Bankroll Management für Turnierspieler: Warum 50 Buy-Ins keine Paranoia sind

Die Turnier-Variance ist brutal, auf eine Weise, die Cash-Spieler nie erleben. Hier erfährst du, warum 50+ Buy-Ins das Minimum sind, nicht Paranoia – und warum eine zu geringe Bankroll über eine ausreichend lange Stichprobe mathematisch garantierte Insolvenz bedeutet.

Du kannst ein wirklich gewinnender Turnierspieler sein – positiver ROI, solide Grundlagen, gute Entscheidungen unter Druck – und trotzdem pleitegehen. Nicht weil du schlecht gespielt hast. Sondern weil du unter-bankrolled warst und die Variance genau das getan hat, was Variance tut.
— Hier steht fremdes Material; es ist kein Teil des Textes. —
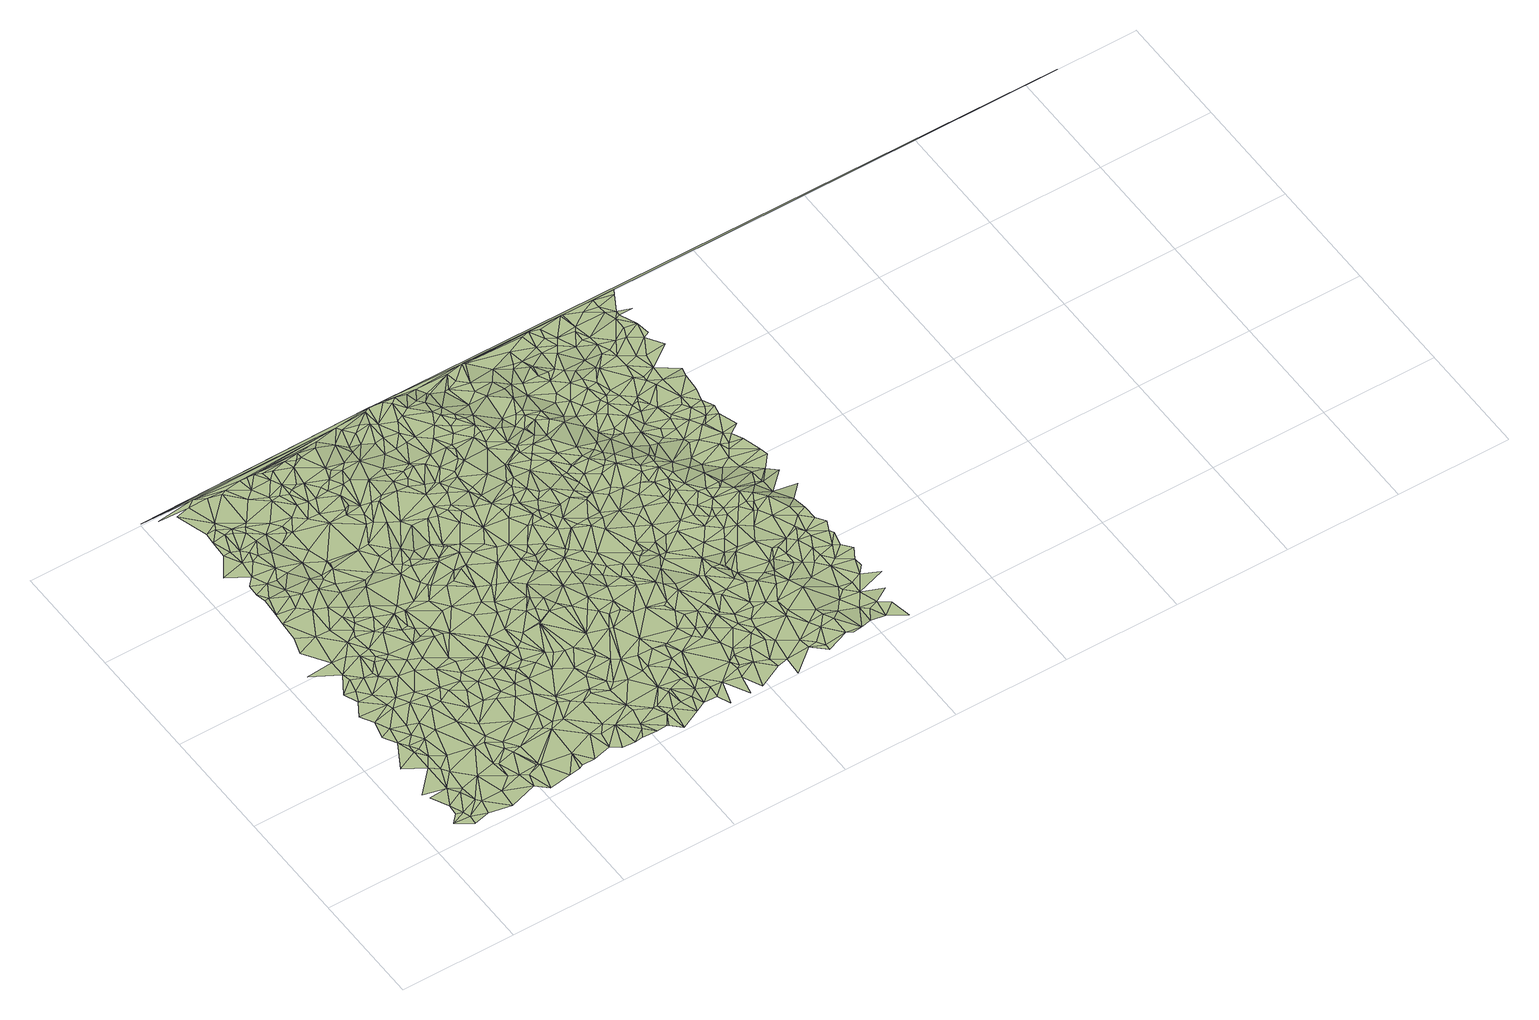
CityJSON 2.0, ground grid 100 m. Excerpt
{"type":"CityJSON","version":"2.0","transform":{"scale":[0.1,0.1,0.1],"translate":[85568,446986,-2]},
"CityObjects":{
"terrain1":{"type":"TINRelief","geometry":[{"type":"CompositeSurface","lod":"2","boundaries":[[[0,1,2]],[[0,3,4]],[[0,4,1]],[[2,1,5]],[[5,6,7]],[[8,4,3]],[[9,5,1]],[[10,1,4]],[[11,12,6]],[[9,6,5]],[[8,13,4]],[[10,9,1]],[[13,10,4]],[[9,14,6]],[[15,16,11]],[[10,14,9]],[[17,16,15]],[[18,11,6]],[[19,6,14]],[[20,13,8]],[[18,6,19]],[[18,21,11]],[[21,15,11]],[[13,22,10]],[[10,22,14]],[[17,15,23]],[[17,24,25]],[[26,23,15]],[[27,25,24]],[[22,19,14]],[[26,15,21]],[[20,28,13]],[[29,17,23]],[[18,19,30]],[[18,30,21]],[[28,22,13]],[[29,24,17]],[[31,23,26]],[[31,26,21]],[[31,29,23]],[[32,33,27]],[[31,21,30]],[[34,27,24]],[[29,35,24]],[[32,36,33]],[[36,37,38]],[[39,19,22]],[[40,28,20]],[[39,30,19]],[[34,24,35]],[[41,22,28]],[[32,27,34]],[[31,42,29]],[[29,42,35]],[[43,31,30]],[[38,37,44]],[[45,37,36]],[[45,36,32]],[[38,44,46]],[[46,47,48]],[[41,49,22]],[[43,42,31]],[[50,41,28]],[[39,22,49]],[[43,30,39]],[[40,50,28]],[[51,34,35]],[[45,52,37]],[[51,35,42]],[[52,44,37]],[[53,32,34]],[[45,32,53]],[[41,54,49]],[[52,46,44]],[[50,54,41]],[[51,53,34]],[[43,55,42]],[[47,56,57]],[[57,56,58]],[[40,59,50]],[[60,47,46]],[[45,61,52]],[[62,39,49]],[[63,43,39]],[[64,45,53]],[[40,65,59]],[[54,66,49]],[[51,42,55]],[[67,46,52]],[[50,68,54]],[[64,61,45]],[[69,58,56]],[[63,55,43]],[[62,49,66]],[[50,59,70]],[[67,60,46]],[[61,71,52]],[[72,53,51]],[[62,73,39]],[[63,39,73]],[[65,74,59]],[[54,68,66]],[[67,52,71]],[[60,75,47]],[[50,70,68]],[[75,56,47]],[[76,51,55]],[[64,53,77]],[[77,53,72]],[[76,72,51]],[[59,74,70]],[[61,78,71]],[[79,80,69]],[[62,66,81]],[[62,81,73]],[[64,77,61]],[[63,82,55]],[[83,80,84]],[[63,73,85]],[[78,67,71]],[[65,86,74]],[[87,69,56]],[[70,88,68]],[[76,55,82]],[[67,75,60]],[[83,84,89]],[[70,74,88]],[[66,68,90]],[[81,66,90]],[[88,90,68]],[[75,91,56]],[[61,92,78]],[[77,92,61]],[[93,84,80]],[[87,79,69]],[[94,67,78]],[[63,95,82]],[[63,85,95]],[[96,72,76]],[[84,97,89]],[[93,80,79]],[[89,97,98]],[[87,56,91]],[[67,99,75]],[[100,77,72]],[[94,99,67]],[[96,76,82]],[[94,78,92]],[[73,81,101]],[[85,73,101]],[[102,103,104]],[[97,102,98]],[[100,72,96]],[[105,104,103]],[[99,106,75]],[[107,91,75]],[[108,97,84]],[[81,90,109]],[[108,84,93]],[[95,110,82]],[[111,99,94]],[[111,94,92]],[[96,82,110]],[[86,112,74]],[[113,92,77]],[[106,107,75]],[[74,114,88]],[[100,113,77]],[[95,85,115]],[[88,114,90]],[[116,79,87]],[[116,93,79]],[[117,87,91]],[[113,111,92]],[[107,118,91]],[[81,109,101]],[[119,112,86]],[[108,120,97]],[[121,106,99]],[[108,93,116]],[[122,103,102]],[[105,103,123]],[[117,91,118]],[[124,102,97]],[[95,125,110]],[[105,123,126]],[[111,127,99]],[[100,96,128]],[[121,107,106]],[[85,101,129]],[[96,110,130]],[[85,129,115]],[[112,114,74]],[[90,131,109]],[[95,115,125]],[[120,124,97]],[[119,132,112]],[[133,123,103]],[[124,122,102]],[[107,134,118]],[[100,135,113]],[[127,121,99]],[[108,136,120]],[[121,134,107]],[[137,116,87]],[[130,110,125]],[[128,96,130]],[[138,103,122]],[[137,87,117]],[[139,126,123]],[[100,128,135]],[[113,140,111]],[[133,103,138]],[[90,114,131]],[[126,141,142]],[[143,118,134]],[[144,108,116]],[[133,139,123]],[[132,145,112]],[[146,117,118]],[[136,124,120]],[[111,140,127]],[[139,141,126]],[[147,148,142]],[[146,118,143]],[[149,138,122]],[[124,149,122]],[[144,136,108]],[[113,135,140]],[[125,115,150]],[[151,101,109]],[[121,152,134]],[[147,142,141]],[[153,154,155]],[[152,143,134]],[[130,125,150]],[[127,156,121]],[[144,116,137]],[[128,130,157]],[[133,158,139]],[[147,155,148]],[[151,109,131]],[[159,133,138]],[[160,115,129]],[[128,161,135]],[[162,117,146]],[[163,129,101]],[[137,117,162]],[[124,164,149]],[[156,152,121]],[[165,141,139]],[[127,166,156]],[[160,150,115]],[[130,150,157]],[[159,138,149]],[[133,167,158]],[[128,157,168]],[[147,141,165]],[[146,143,169]],[[112,145,170]],[[136,171,124]],[[140,172,127]],[[163,101,151]],[[131,114,173]],[[158,165,139]],[[127,172,166]],[[112,170,114]],[[152,169,143]],[[159,167,133]],[[128,168,161]],[[159,149,164]],[[174,144,137]],[[151,131,173]],[[144,171,136]],[[171,164,124]],[[160,129,163]],[[135,175,140]],[[167,165,158]],[[176,137,162]],[[176,174,137]],[[156,166,177]],[[135,161,175]],[[147,178,155]],[[156,177,152]],[[179,157,150]],[[160,180,150]],[[114,181,173]],[[182,144,174]],[[140,183,172]],[[184,147,165]],[[172,177,166]],[[182,171,144]],[[145,185,170]],[[186,183,140]],[[187,165,167]],[[178,153,155]],[[159,164,188]],[[162,146,189]],[[170,181,114]],[[186,140,175]],[[177,169,152]],[[190,168,157]],[[179,150,180]],[[189,146,169]],[[159,188,167]],[[171,191,164]],[[160,163,192]],[[172,183,193]],[[187,184,165]],[[163,151,194]],[[172,193,177]],[[161,168,190]],[[160,192,180]],[[151,173,195]],[[188,164,191]],[[188,187,167]],[[190,157,179]],[[196,174,176]],[[196,182,174]],[[184,197,147]],[[195,173,181]],[[147,197,178]],[[176,162,198]],[[186,199,183]],[[163,194,192]],[[182,200,171]],[[161,201,175]],[[185,202,170]],[[177,203,169]],[[186,175,199]],[[194,151,195]],[[193,183,204]],[[193,204,177]],[[205,191,171]],[[179,180,206]],[[161,190,207]],[[189,169,203]],[[192,206,180]],[[170,208,181]],[[209,184,187]],[[196,200,182]],[[209,187,188]],[[210,153,178]],[[161,207,201]],[[162,189,198]],[[199,204,183]],[[196,176,198]],[[190,179,211]],[[200,205,171]],[[212,188,191]],[[199,175,201]],[[177,204,203]],[[202,208,170]],[[211,179,213]],[[214,185,215]],[[192,194,216]],[[214,202,185]],[[179,206,213]],[[195,181,217]],[[196,218,200]],[[194,195,219]],[[205,220,191]],[[192,221,206]],[[207,199,201]],[[222,209,188]],[[220,212,191]],[[222,188,212]],[[216,194,219]],[[197,210,178]],[[192,216,221]],[[213,206,223]],[[208,224,181]],[[225,197,184]],[[206,221,223]],[[190,211,226]],[[227,203,204]],[[214,208,202]],[[217,181,224]],[[195,217,219]],[[228,214,215]],[[190,226,207]],[[199,229,204]],[[211,213,226]],[[230,223,221]],[[196,198,231]],[[232,153,210]],[[189,231,198]],[[216,230,221]],[[207,229,199]],[[209,233,184]],[[222,212,220]],[[213,223,234]],[[196,235,218]],[[225,210,197]],[[189,203,236]],[[218,235,200]],[[225,184,233]],[[230,237,223]],[[238,227,204]],[[222,239,209]],[[213,234,226]],[[216,219,240]],[[222,220,239]],[[200,241,205]],[[216,242,230]],[[229,238,204]],[[243,207,226]],[[227,236,203]],[[196,231,235]],[[244,214,228]],[[153,245,246]],[[234,223,237]],[[247,219,217]],[[189,236,231]],[[244,228,248]],[[205,241,220]],[[225,249,210]],[[209,239,233]],[[214,250,208]],[[207,251,229]],[[230,242,237]],[[247,217,224]],[[208,250,224]],[[243,226,234]],[[216,240,242]],[[239,220,252]],[[243,253,207]],[[249,232,210]],[[244,254,214]],[[225,255,249]],[[200,235,241]],[[207,253,251]],[[225,233,255]],[[244,248,256]],[[234,237,257]],[[238,258,227]],[[229,251,238]],[[243,234,257]],[[254,259,214]],[[247,224,260]],[[261,240,219]],[[247,262,219]],[[252,220,241]],[[227,263,236]],[[260,224,250]],[[244,256,254]],[[264,235,231]],[[236,265,231]],[[227,258,263]],[[259,250,214]],[[239,266,233]],[[267,237,242]],[[249,268,232]],[[261,219,262]],[[264,231,265]],[[239,252,266]],[[267,257,237]],[[233,269,255]],[[243,257,270]],[[267,242,240]],[[238,271,258]],[[272,254,256]],[[238,251,273]],[[255,274,249]],[[266,269,233]],[[249,275,268]],[[247,260,276]],[[268,275,232]],[[238,273,271]],[[277,235,264]],[[270,257,278]],[[260,250,276]],[[267,278,257]],[[236,279,265]],[[243,280,253]],[[252,241,281]],[[236,263,282]],[[255,269,283]],[[249,274,275]],[[284,259,254]],[[243,270,280]],[[252,285,266]],[[286,267,240]],[[253,287,251]],[[266,288,269]],[[236,282,279]],[[252,281,285]],[[289,254,272]],[[255,283,274]],[[290,262,247]],[[264,265,291]],[[290,247,276]],[[284,250,259]],[[270,278,292]],[[267,292,278]],[[261,293,240]],[[283,269,288]],[[235,294,241]],[[266,285,288]],[[277,264,291]],[[293,286,240]],[[289,284,254]],[[277,294,235]],[[295,261,262]],[[296,265,279]],[[274,297,275]],[[295,262,290]],[[289,272,298]],[[263,258,299]],[[280,287,253]],[[279,282,300]],[[251,301,273]],[[288,285,302]],[[258,271,299]],[[283,288,302]],[[291,265,296]],[[232,245,153]],[[281,241,303]],[[304,276,250]],[[290,276,305]],[[287,301,251]],[[281,306,285]],[[289,298,307]],[[263,299,282]],[[296,279,300]],[[274,308,297]],[[283,308,274]],[[273,309,271]],[[310,267,286]],[[310,292,267]],[[311,280,270]],[[283,302,312]],[[294,313,241]],[[314,270,292]],[[315,261,295]],[[316,300,282]],[[289,317,284]],[[303,241,313]],[[304,305,276]],[[285,318,302]],[[261,319,293]],[[284,320,250]],[[280,321,287]],[[275,297,322]],[[306,318,285]],[[289,307,323]],[[277,291,324]],[[273,301,325]],[[310,286,293]],[[277,326,294]],[[327,295,290]],[[273,325,309]],[[296,300,328]],[[312,302,318]],[[289,323,317]],[[271,309,299]],[[329,306,281]],[[316,282,299]],[[316,328,300]],[[314,311,270]],[[315,319,261]],[[311,321,280]],[[304,250,320]],[[327,290,305]],[[329,281,303]],[[283,330,308]],[[297,308,322]],[[283,312,330]],[[317,320,284]],[[331,292,310]],[[291,296,324]],[[277,324,326]],[[310,293,319]],[[314,292,331]],[[294,332,313]],[[307,333,323]],[[334,287,321]],[[303,313,335]],[[306,336,318]],[[327,315,295]],[[334,301,287]],[[301,337,325]],[[317,323,338]],[[312,318,330]],[[325,337,309]],[[339,336,306]],[[294,326,332]],[[304,340,305]],[[316,299,341]],[[329,339,306]],[[316,342,328]],[[335,313,343]],[[313,332,343]],[[329,303,335]],[[330,322,308]],[[344,319,315]],[[275,322,345]],[[317,338,320]],[[296,328,346]],[[232,275,245]],[[327,305,340]],[[311,347,321]],[[316,341,342]],[[333,348,323]],[[323,348,338]],[[349,334,321]],[[310,319,350]],[[296,351,324]],[[336,352,318]],[[344,315,327]],[[353,337,301]],[[329,335,343]],[[354,314,331]],[[334,353,301]],[[355,331,310]],[[353,309,337]],[[314,347,311]],[[304,320,356]],[[344,350,319]],[[326,357,332]],[[358,299,309]],[[339,352,336]],[[304,356,340]],[[358,341,299]],[[359,349,321]],[[318,360,330]],[[346,328,342]],[[296,346,351]],[[361,322,330]],[[343,332,357]],[[348,362,338]],[[329,363,339]],[[338,362,320]],[[354,331,355]],[[324,364,326]],[[341,365,342]],[[366,348,333]],[[359,321,347]],[[329,343,363]],[[358,309,353]],[[367,246,245]],[[354,368,314]],[[355,310,350]],[[352,360,318]],[[339,363,352]],[[366,362,348]],[[361,330,369]],[[368,347,314]],[[275,345,370]],[[326,364,357]],[[371,365,341]],[[361,345,322]],[[356,320,372]],[[373,366,333]],[[371,341,358]],[[365,374,342]],[[324,351,364]],[[344,327,375]],[[362,376,320]],[[369,330,360]],[[377,334,349]],[[340,356,378]],[[379,363,343]],[[377,353,334]],[[354,355,380]],[[361,369,345]],[[327,340,375]],[[371,374,365]],[[354,380,368]],[[381,362,366]],[[344,375,350]],[[382,372,320]],[[356,372,378]],[[383,358,353]],[[384,343,357]],[[352,385,360]],[[386,355,350]],[[373,381,366]],[[363,387,352]],[[388,342,374]],[[359,377,349]],[[388,346,342]],[[368,389,347]],[[381,376,362]],[[359,347,389]],[[382,320,376]],[[390,374,371]],[[388,351,346]],[[352,387,385]],[[390,371,358]],[[357,364,391]],[[392,380,355]],[[379,343,384]],[[392,355,386]],[[368,380,389]],[[377,383,353]],[[379,387,363]],[[369,393,345]],[[390,358,383]],[[369,360,393]],[[394,386,350]],[[395,340,378]],[[396,246,367]],[[397,364,351]],[[373,398,381]],[[384,357,391]],[[360,385,399]],[[375,340,400]],[[275,370,245]],[[401,378,372]],[[402,398,373]],[[381,403,376]],[[392,386,394]],[[394,350,404]],[[387,399,385]],[[395,400,340]],[[403,382,376]],[[405,359,389]],[[397,391,364]],[[406,372,382]],[[407,388,374]],[[408,374,390]],[[409,350,375]],[[345,393,370]],[[388,410,351]],[[411,403,381]],[[390,383,412]],[[392,413,380]],[[404,350,409]],[[398,411,381]],[[414,377,359]],[[413,389,380]],[[401,372,406]],[[379,415,387]],[[377,416,383]],[[395,378,401]],[[403,406,382]],[[408,407,374]],[[360,417,393]],[[392,394,413]],[[379,384,415]],[[360,399,417]],[[418,397,351]],[[402,419,420]],[[421,384,391]],[[405,414,359]],[[387,415,399]],[[402,420,398]],[[412,383,416]],[[418,351,410]],[[421,391,397]],[[375,400,422]],[[398,420,411]],[[394,404,423]],[[407,410,388]],[[411,424,403]],[[405,389,425]],[[409,375,422]],[[426,390,412]],[[370,393,417]],[[413,425,389]],[[403,424,406]],[[427,401,406]],[[413,394,423]],[[408,390,426]],[[377,428,416]],[[395,401,429]],[[423,404,409]],[[430,384,421]],[[414,428,377]],[[431,415,384]],[[432,399,415]],[[430,431,384]],[[432,417,399]],[[395,433,400]],[[421,397,434]],[[429,401,427]],[[435,422,400]],[[436,407,408]],[[436,410,407]],[[426,412,416]],[[424,427,406]],[[405,437,414]],[[418,434,397]],[[405,425,437]],[[438,409,422]],[[420,439,411]],[[424,429,427]],[[438,423,409]],[[413,440,425]],[[426,416,428]],[[370,417,245]],[[433,435,400]],[[441,421,434]],[[413,423,442]],[[432,443,417]],[[436,408,444]],[[436,445,410]],[[446,430,421]],[[447,428,414]],[[411,439,424]],[[437,448,414]],[[408,426,444]],[[420,449,450]],[[451,432,415]],[[446,431,430]],[[395,429,452]],[[447,414,448]],[[438,422,435]],[[413,453,440]],[[446,421,441]],[[418,454,434]],[[431,455,415]],[[456,418,410]],[[436,444,445]],[[413,442,453]],[[454,441,434]],[[457,417,443]],[[451,443,432]],[[445,456,410]],[[447,458,428]],[[395,459,433]],[[424,460,429]],[[420,450,461]],[[462,437,425]],[[457,245,417]],[[438,435,433]],[[447,448,458]],[[463,442,423]],[[462,425,440]],[[463,423,438]],[[464,451,415]],[[420,461,439]],[[465,444,426]],[[437,466,448]],[[418,467,454]],[[395,452,459]],[[468,431,446]],[[465,445,444]],[[464,415,455]],[[426,428,469]],[[470,446,441]],[[451,471,443]],[[470,441,454]],[[471,457,443]],[[462,440,453]],[[468,455,431]],[[456,472,418]],[[418,472,467]],[[473,453,442]],[[429,460,452]],[[448,474,458]],[[462,466,437]],[[458,475,428]],[[473,442,463]],[[424,476,460]],[[439,477,424]],[[468,446,470]],[[448,466,474]],[[478,456,445]],[[465,426,479]],[[465,478,445]],[[461,480,439]],[[481,438,433]],[[450,482,483]],[[484,454,467]],[[424,477,476]],[[485,472,456]],[[450,483,461]],[[484,470,454]],[[471,486,457]],[[469,428,475]],[[426,469,487]],[[473,488,453]],[[468,489,455]],[[451,490,471]],[[439,480,491]],[[481,463,438]],[[462,453,488]],[[479,426,487]],[[492,473,463]],[[478,485,456]],[[464,490,451]],[[493,464,455]],[[461,483,480]],[[494,245,457]],[[481,433,459]],[[458,474,495]],[[484,468,470]],[[452,460,496]],[[472,497,467]],[[462,498,466]],[[489,493,455]],[[498,474,466]],[[459,452,499]],[[500,472,485]],[[501,478,465]],[[476,496,460]],[[439,491,502]],[[458,495,475]],[[492,488,473]],[[501,465,479]],[[490,486,471]],[[480,483,491]],[[484,467,497]],[[439,502,477]],[[503,492,463]],[[494,457,486]],[[493,490,464]],[[462,504,498]],[[478,500,485]],[[505,489,468]],[[506,452,496]],[[482,507,483]],[[508,468,484]],[[459,499,509]],[[501,510,478]],[[499,452,506]],[[511,504,462]],[[511,462,488]],[[503,463,481]],[[472,512,497]],[[500,512,472]],[[501,479,510]],[[476,513,496]],[[459,509,514]],[[476,477,515]],[[510,516,478]],[[517,488,492]],[[478,516,500]],[[489,518,493]],[[508,505,468]],[[498,519,474]],[[469,520,487]],[[503,517,492]],[[493,521,490]],[[476,515,513]],[[494,367,245]],[[490,494,486]],[[483,522,491]],[[474,519,495]],[[491,522,502]],[[479,487,520]],[[508,484,497]],[[523,469,475]],[[505,518,489]],[[499,514,509]],[[518,521,493]],[[481,459,524]],[[523,475,495]],[[524,459,514]],[[503,481,525]],[[490,521,494]],[[523,520,469]],[[517,526,488]],[[477,502,527]],[[506,496,528]],[[511,488,526]],[[529,498,504]],[[528,496,513]],[[483,507,530]],[[503,525,531]],[[483,530,522]],[[499,506,528]],[[515,477,527]],[[503,532,517]],[[533,516,510]],[[534,510,479]],[[535,479,520]],[[533,500,516]],[[511,529,504]],[[536,495,519]],[[523,495,536]],[[508,537,505]],[[512,538,497]],[[505,537,518]],[[503,531,532]],[[521,367,494]],[[500,539,512]],[[525,481,524]],[[529,519,498]],[[508,497,540]],[[499,541,514]],[[542,521,518]],[[515,543,513]],[[517,532,526]],[[522,544,502]],[[525,524,531]],[[523,545,520]],[[546,530,507]],[[499,528,541]],[[547,479,535]],[[542,518,537]],[[535,520,545]],[[528,513,543]],[[502,544,527]],[[540,497,538]],[[548,523,536]],[[508,549,537]],[[524,514,550]],[[533,539,500]],[[548,545,523]],[[515,527,543]],[[551,536,519]],[[534,533,510]],[[512,539,538]],[[530,552,522]],[[534,479,547]],[[553,367,521]],[[514,541,550]],[[554,532,531]],[[508,540,549]],[[511,526,555]],[[554,531,524]],[[548,536,551]],[[542,556,521]],[[529,557,519]],[[542,537,558]],[[551,519,557]],[[532,559,526]],[[560,545,548]],[[511,555,529]],[[528,543,561]],[[552,544,522]],[[546,562,530]],[[528,561,541]],[[563,535,545]],[[556,553,521]],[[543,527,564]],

Dieser Satz klingt für die meisten neueren Spieler wie ein Widerspruch. Ist er aber nicht. Er ist das Wichtigste, was du über das Geldmanagement in Turnieren verstehen musst, und der Grund, warum der Standardrat für MTTs (Multi-Table Tournaments) so viel konservativer ist als der Rat, den sich Cash-Spieler gegenseitig geben. Ein Cash-Grinder, der mit 30 Buy-Ins tief in der Bankroll agiert, handelt verantwortungsbewusst. Ein Turnierspieler, der mit 30 Buy-Ins tief in der Bankroll agiert, ist nur einen normalen Downswing davon entfernt, von Grund auf neu aufzubauen.

Dieser Leitfaden erklärt, warum die Zahlen so sind, wie sie sind. Nicht nur "halte 50 Buy-Ins" als Gebot, sondern woher diese Zahl kommt, wie Feldgröße und ROI sie verändern und wie man eine Bankroll über die Zeit tatsächlich verwaltet – Move-Downs, Shot-Takes und das Konzept, das alles zusammenhält: Risk of Ruin.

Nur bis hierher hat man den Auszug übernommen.